Verläufe sind nur dann fließend und ohne einzeln erkennbare Pixel, wenn sie aus genug einzelnen Farbabstufungen bestehen - die Du ja nicht haben willst, da die Datei dann zu groß wird.
Wenn Du einen Verlaufssteifen aber aus nur wenigen Farben erzeugen willst, entstehen zwangsläufig Kanten von einer Farbe zu nächsten. Phothoshop und Imageready versuchen das möglichst zu kaschieren, indem die Übergänge von einer Farbe zur nächsten aufgepixelt ineinander vermengt werden - das sind die Punkte, die Dich so stören.

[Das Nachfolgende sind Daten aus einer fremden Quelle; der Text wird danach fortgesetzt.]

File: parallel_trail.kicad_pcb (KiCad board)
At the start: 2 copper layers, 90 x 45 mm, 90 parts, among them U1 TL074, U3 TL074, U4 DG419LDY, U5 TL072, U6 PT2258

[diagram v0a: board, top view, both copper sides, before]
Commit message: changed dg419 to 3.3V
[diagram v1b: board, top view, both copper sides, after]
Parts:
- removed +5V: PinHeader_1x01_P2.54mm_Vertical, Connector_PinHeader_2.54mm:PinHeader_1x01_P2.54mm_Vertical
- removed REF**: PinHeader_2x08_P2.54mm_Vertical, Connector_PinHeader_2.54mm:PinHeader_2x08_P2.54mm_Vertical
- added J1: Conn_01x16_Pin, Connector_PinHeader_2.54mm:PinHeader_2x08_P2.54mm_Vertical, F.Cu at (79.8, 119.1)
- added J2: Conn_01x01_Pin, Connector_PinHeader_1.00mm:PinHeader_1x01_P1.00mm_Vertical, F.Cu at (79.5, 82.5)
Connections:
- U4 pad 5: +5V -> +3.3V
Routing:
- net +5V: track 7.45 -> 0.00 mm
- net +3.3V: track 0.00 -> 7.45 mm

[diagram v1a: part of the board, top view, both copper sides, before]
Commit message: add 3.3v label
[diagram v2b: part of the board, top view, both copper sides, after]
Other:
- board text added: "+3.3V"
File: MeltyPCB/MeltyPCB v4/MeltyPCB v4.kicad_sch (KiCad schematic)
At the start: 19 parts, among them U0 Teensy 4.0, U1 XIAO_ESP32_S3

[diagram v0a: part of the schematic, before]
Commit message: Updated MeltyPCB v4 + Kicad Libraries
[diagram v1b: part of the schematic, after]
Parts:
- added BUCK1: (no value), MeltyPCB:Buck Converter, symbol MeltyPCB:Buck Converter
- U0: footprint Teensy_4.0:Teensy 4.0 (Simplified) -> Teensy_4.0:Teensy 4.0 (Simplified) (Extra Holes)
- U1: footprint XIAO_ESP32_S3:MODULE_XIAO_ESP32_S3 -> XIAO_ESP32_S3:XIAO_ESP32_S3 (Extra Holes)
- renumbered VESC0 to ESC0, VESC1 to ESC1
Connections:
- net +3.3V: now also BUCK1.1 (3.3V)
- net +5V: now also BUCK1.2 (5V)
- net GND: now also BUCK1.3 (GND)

Wenn Du die Option "Dither" oder "Diffusion" (weiß grad' nicht, wie's in IR genannt wird) auf Null stellst, werden die wenigen Farben Deines Verlaufs als Blöcke nebeneinander gesetzt - was dann aber nur noch vage an einen Verlauf erinnert.
Mein Vorschlag ist von Hand nachzukorrigieren: wenn Du die pixeligen Übergänge von Hand malst, können sie recht harmonisch werden und weniger störend. An der Schwelle von einer Farbe zur nächsten hast Du ein Schachbrettmuster; in Richtung der jeweiligen Farbe dünnt sich die entsprechende Nachbarfarbe dann gleichmäßig aus.
Hoffe, es ist verständlich, was ich versuche zu erklären. Es macht Arbeit, ist aber die optimale Lösung, wenn Du mit nur wenigen Farben einen GIF-Verlauf erzeugen willst.


----------



## Martin Schaefer (13. Juli 2005)

Hi,

leider habe ich nur diesen Ausschnitt deines Bildes gesehen und kann nicht beurteilen,
was noch so an unterschiedlichen Farben in deinem animierten Gif ist und was sich wie
und wo bewegt.

Aber eine zusätzliche Optimierungsmöglichkeit habe ich in einem Videotutorial erklärt.
Vielleicht hilft es dir weiter.

Kurz zur Erklärung hier:
GIFs werden insbesondere dadurch kleiner, dass man die Zahl der insgesamt verwendeten
Farben reduziert. Insoweit nichts Neues für dich. Aber welche Farben aus deinem Bild
werden in die GIF-Palette übernommen? Wie kann man selbst diese Gewichtung steuern
bei der Auswahl der Farben?
Wenn dir z.B. dieser eine Verlauf besonders wichtig ist und dafür die Zahl der Farben in
den anderen Bildteilen ruhig etwas niedriger sein darf, dann ist mein Videotutorial für dich
das Richtige.

http://www.tutorials.de/tutorials77755.html

Viel Erfolg
Martin


----------



## obsession (24. Juli 2005)

ich konnte es nicht bearbeiten , da ich im Urlaub war..etschuldigung  
da mit der pixelkruste habe ich  nicht hinbekommen ..trotzdem danke an alle


----------